=== Begin Enclosure ===

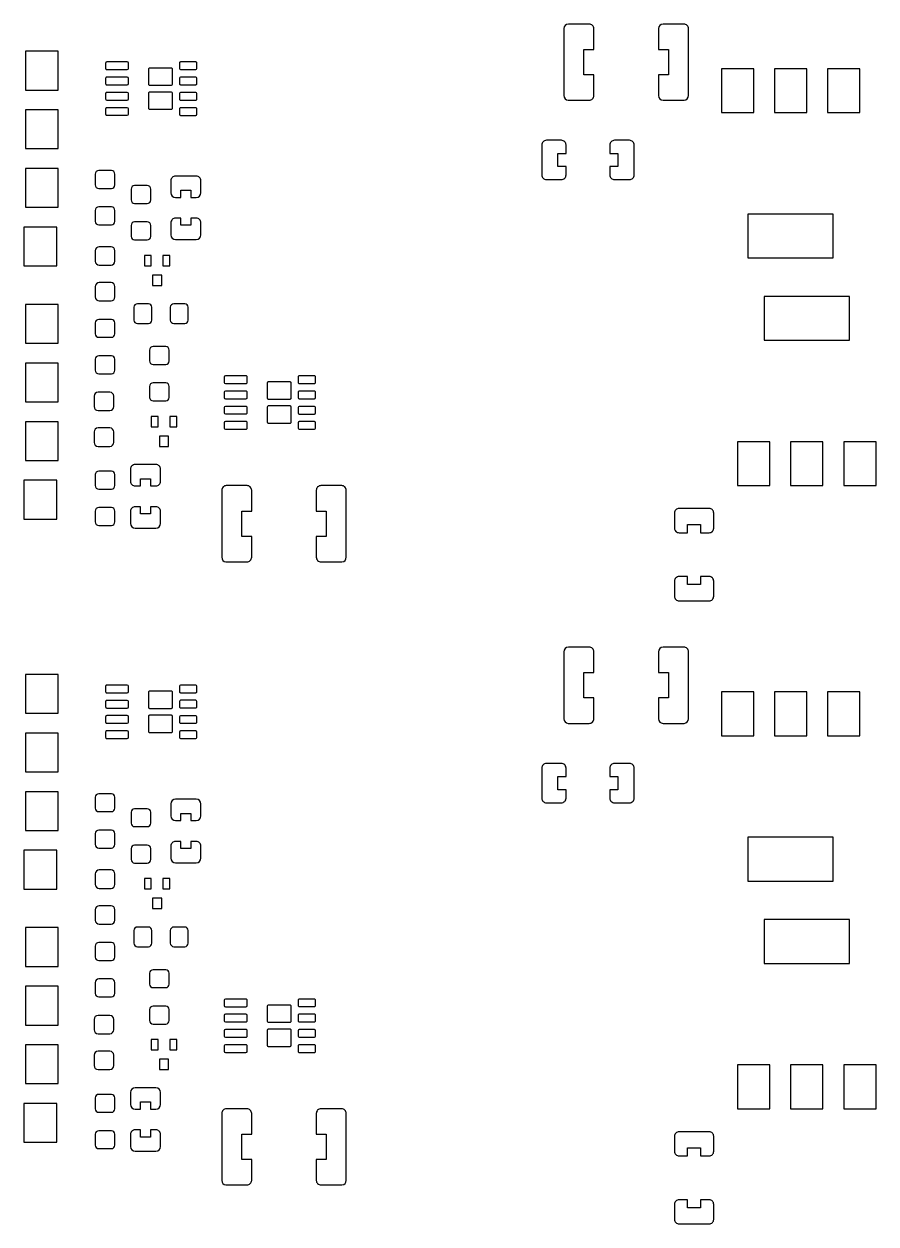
# Model space of a CAD drawing. Extents: x -210 to 210, y -160 to 160.
# Drawn here: x 91.3 to 128.2, y 26.4 to 78.4 of the extents above; entities that cross this region are included whole.
import ezdxf

# ---------------------------------------------------------------- set-up
doc = ezdxf.new("R2010")
doc.units = 0
doc.header["$MEASUREMENT"] = 0
doc.layers.get('0').update_dxf_attribs({"linetype": 'CONTINUOUS'})

msp = doc.modelspace()

# ---------------------------------------------------------------- linework, layer by layer
for points in [[(115.974004, 78.149995, 0.415094), (115.773994, 78.35), (115.773994, 78.35), (114.873994, 78.35), (114.873994, 78.35, 0.413671), (114.675, 78.149995), (114.675, 78.149995), (114.675, 75.25), (114.675, 75.25, 0.396248), (114.862002, 75.049995), (114.862002, 75.049995), (115.773994, 75.049995), (115.773994, 75.049995, 0.415101), (115.974004, 75.25), (115.974004, 75.25), (115.974004, 76.15), (115.974004, 76.15), (115.540996, 76.15), (115.540996, 76.15), (115.540996, 77.249995), (115.540996, 77.249995), (115.974004, 77.249995), (115.974004, 77.249995), (115.974004, 78.149995)], [(120.073994, 78.149995, 0.41508), (119.874004, 78.35), (119.874004, 78.35), (118.974004, 78.35), (118.974004, 78.35, 0.413671), (118.775, 78.149995), (118.775, 78.149995), (118.775, 77.249995), (118.775, 77.249995), (119.207998, 77.249995), (119.207998, 77.249995), (119.207998, 76.15), (119.207998, 76.15), (118.775, 76.15), (118.775, 76.15), (118.775, 75.25), (118.775, 75.25, 0.413678), (118.974004, 75.049995), (118.974004, 75.049995), (119.887002, 75.049995), (119.887002, 75.049995, 0.396233), (120.073994, 75.25), (120.073994, 75.25), (120.073994, 78.149995)], [(95.81, 76.655, 0.413956), (95.76, 76.705), (95.76, 76.705), (94.87, 76.705), (94.87, 76.705, 0.414357), (94.82, 76.655), (94.82, 76.655), (94.82, 76.425), (94.82, 76.425, 0.4145), (94.87, 76.375), (94.87, 76.375), (95.76, 76.375), (95.76, 76.375, 0.413899), (95.81, 76.425), (95.81, 76.425), (95.81, 76.655)], [(97.72, 76.393003, 0.414871), (97.67, 76.443003), (97.67, 76.443003), (96.727998, 76.443003), (96.727998, 76.443003, 0.41709), (96.677998, 76.393003), (96.677998, 76.393003), (96.677998, 75.75), (96.677998, 75.75, 0.416192), (96.727998, 75.7), (96.727998, 75.7), (97.67, 75.7), (97.67, 75.7, 0.413985), (97.72, 75.75), (97.72, 75.75), (97.72, 76.393003)], [(98.78, 76.656997, 0.416967), (98.73, 76.706997), (98.73, 76.706997), (98.07, 76.706997), (98.07, 76.706997, 0.417577), (98.02, 76.656997), (98.02, 76.656997), (98.02, 76.426997), (98.02, 76.426997, 0.411534), (98.07, 76.378003), (98.07, 76.378003), (98.73, 76.378003), (98.73, 76.378003, 0.410937), (98.78, 76.426997), (98.78, 76.426997), (98.78, 76.656997)], [(95.81, 75.995, 0.413899), (95.76, 76.045), (95.76, 76.045), (94.87, 76.045), (94.87, 76.045, 0.414299), (94.82, 75.995), (94.82, 75.995), (94.82, 75.765), (94.82, 75.765, 0.414557), (94.87, 75.715), (94.87, 75.715), (95.76, 75.715), (95.76, 75.715, 0.413956), (95.81, 75.765), (95.81, 75.765), (95.81, 75.995)], [(98.78, 75.998003, 0.411081), (98.73, 76.048003), (98.73, 76.048003), (98.07, 76.048003), (98.07, 76.048003, 0.411701), (98.02, 75.998003), (98.02, 75.998003), (98.02, 75.768003), (98.02, 75.768003, 0.417432), (98.07, 75.718003), (98.07, 75.718003), (98.73, 75.718003), (98.73, 75.718003, 0.416793), (98.78, 75.768003), (98.78, 75.768003), (98.78, 75.998003)], [(97.72, 75.35, 0.413956), (97.67, 75.4), (97.67, 75.4), (96.727998, 75.4), (96.727998, 75.4, 0.416221), (96.677998, 75.35), (96.677998, 75.35), (96.677998, 74.707002), (96.677998, 74.707002, 0.417148), (96.727998, 74.657002), (96.727998, 74.657002), (97.67, 74.657002), (97.67, 74.657002, 0.414843), (97.72, 74.707002), (97.72, 74.707002), (97.72, 75.35)], [(95.81, 75.335005, 0.413899), (95.76, 75.384995), (95.76, 75.384995), (94.87, 75.384995), (94.87, 75.384995, 0.414299), (94.82, 75.335005), (94.82, 75.335005), (94.82, 75.104995), (94.82, 75.104995, 0.414385), (94.87, 75.055005), (94.87, 75.055005), (95.76, 75.055005), (95.76, 75.055005, 0.41387), (95.81, 75.104995), (95.81, 75.104995), (95.81, 75.335005)], [(98.78, 75.332998, 0.411081), (98.73, 75.382998), (98.73, 75.382998), (98.07, 75.382998), (98.07, 75.382998, 0.411729), (98.02, 75.332998), (98.02, 75.332998), (98.02, 75.102998), (98.02, 75.102998, 0.4174), (98.07, 75.052002), (98.07, 75.052002), (98.73, 75.052002), (98.73, 75.052002, 0.416768), (98.78, 75.102998), (98.78, 75.102998), (98.78, 75.332998)], [(95.81, 74.675, 0.413899), (95.76, 74.725), (95.76, 74.725), (94.87, 74.725), (94.87, 74.725, 0.414328), (94.82, 74.675), (94.82, 74.675), (94.82, 74.445), (94.82, 74.445, 0.414442), (94.87, 74.395), (94.87, 74.395), (95.76, 74.395), (95.76, 74.395, 0.413871), (95.81, 74.445), (95.81, 74.445), (95.81, 74.675)], [(98.78, 74.671997, 0.416996), (98.73, 74.721997), (98.73, 74.721997), (98.07, 74.721997), (98.07, 74.721997, 0.417606), (98.02, 74.671997), (98.02, 74.671997), (98.02, 74.441997), (98.02, 74.441997, 0.411503), (98.07, 74.391997), (98.07, 74.391997), (98.73, 74.391997), (98.73, 74.391997, 0.410912), (98.78, 74.441997), (98.78, 74.441997), (98.78, 74.671997)], [(114.77, 73.11, 0.414364), (114.57, 73.310005), (114.57, 73.310005), (113.92, 73.310005), (113.92, 73.310005, 0.414421), (113.72, 73.11), (113.72, 73.11), (113.72, 71.81), (113.72, 71.81, 0.414414), (113.92, 71.609995), (113.92, 71.609995), (114.57, 71.609995), (114.57, 71.609995, 0.414364), (114.77, 71.81), (114.77, 71.81), (114.77, 72.177002), (114.77, 72.177002), (114.42, 72.177002), (114.42, 72.177002), (114.42, 72.742998), (114.42, 72.742998), (114.77, 72.742998), (114.77, 72.742998), (114.77, 73.11)], [(117.72, 73.11, 0.414392), (117.52, 73.310005), (117.52, 73.310005), (116.87, 73.310005), (116.87, 73.310005, 0.414414), (116.67, 73.11), (116.67, 73.11), (116.67, 72.742998), (116.67, 72.742998), (117.02, 72.742998), (117.02, 72.742998), (117.02, 72.177002), (117.02, 72.177002), (116.67, 72.177002), (116.67, 72.177002), (116.67, 71.81), (116.67, 71.81, 0.414392), (116.87, 71.609995), (116.87, 71.609995), (117.52, 71.609995), (117.52, 71.609995, 0.414385), (117.72, 71.81), (117.72, 71.81), (117.72, 73.11)], [(95.225, 71.85, 0.414147), (95.075, 71.999995), (95.075, 71.999995), (94.525, 71.999995), (94.525, 71.999995, 0.414309), (94.375, 71.85), (94.375, 71.85), (94.375, 71.374995), (94.375, 71.374995, 0.414271), (94.525, 71.225), (94.525, 71.225), (95.075, 71.225), (95.075, 71.225, 0.414109), (95.225, 71.374995), (95.225, 71.374995), (95.225, 71.85)], [(98.95, 71.562002, 0.415087), (98.75, 71.763003), (98.75, 71.763003), (97.85, 71.763003), (97.85, 71.763003, 0.415144), (97.65, 71.562002), (97.65, 71.562002), (97.65, 71.037002), (97.65, 71.037002, 0.413727), (97.85, 70.836997), (97.85, 70.836997), (98.082998, 70.836997), (98.082998, 70.836997), (98.082998, 71.145996), (98.082998, 71.145996), (98.517002, 71.145996), (98.517002, 71.145996), (98.517002, 70.836997), (98.517002, 70.836997), (98.75, 70.836997), (98.75, 70.836997, 0.413656), (98.95, 71.037002), (98.95, 71.037002), (98.95, 71.562002)], [(96.775, 71.2, 0.414175), (96.625, 71.35), (96.625, 71.35), (96.075, 71.35), (96.075, 71.35, 0.414233), (95.925, 71.2), (95.925, 71.2), (95.925, 70.725), (95.925, 70.725, 0.414233), (96.075, 70.575), (96.075, 70.575), (96.625, 70.575), (96.625, 70.575, 0.414147), (96.775, 70.725), (96.775, 70.725), (96.775, 71.2)], [(95.225, 70.275, 0.414147), (95.075, 70.424995), (95.075, 70.424995), (94.525, 70.424995), (94.525, 70.424995, 0.41429), (94.375, 70.275), (94.375, 70.275), (94.375, 69.799995), (94.375, 69.799995, 0.414271), (94.525, 69.65), (94.525, 69.65), (95.075, 69.65), (95.075, 69.65, 0.414128), (95.225, 69.799995), (95.225, 69.799995), (95.225, 70.275)], [(96.775, 69.625, 0.414137), (96.625, 69.775), (96.625, 69.775), (96.075, 69.775), (96.075, 69.775, 0.414252), (95.925, 69.625), (95.925, 69.625), (95.925, 69.15), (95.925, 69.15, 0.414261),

=== End Enclosure ===

* [TASK STATEMENT] Print, exactly as written, the lines above from the first one to the one containing "layer by layer". Leave out pictures.

* [RESPONSE]
# Model space of a CAD drawing. Extents: x -210 to 210, y -160 to 160.
# Drawn here: x 91.3 to 128.2, y 26.4 to 78.4 of the extents above; entities that cross this region are included whole.
import ezdxf

# ---------------------------------------------------------------- set-up
doc = ezdxf.new("R2010")
doc.units = 0
doc.header["$MEASUREMENT"] = 0
doc.layers.get('0').update_dxf_attribs({"linetype": 'CONTINUOUS'})

msp = doc.modelspace()

# ---------------------------------------------------------------- linework, layer by layer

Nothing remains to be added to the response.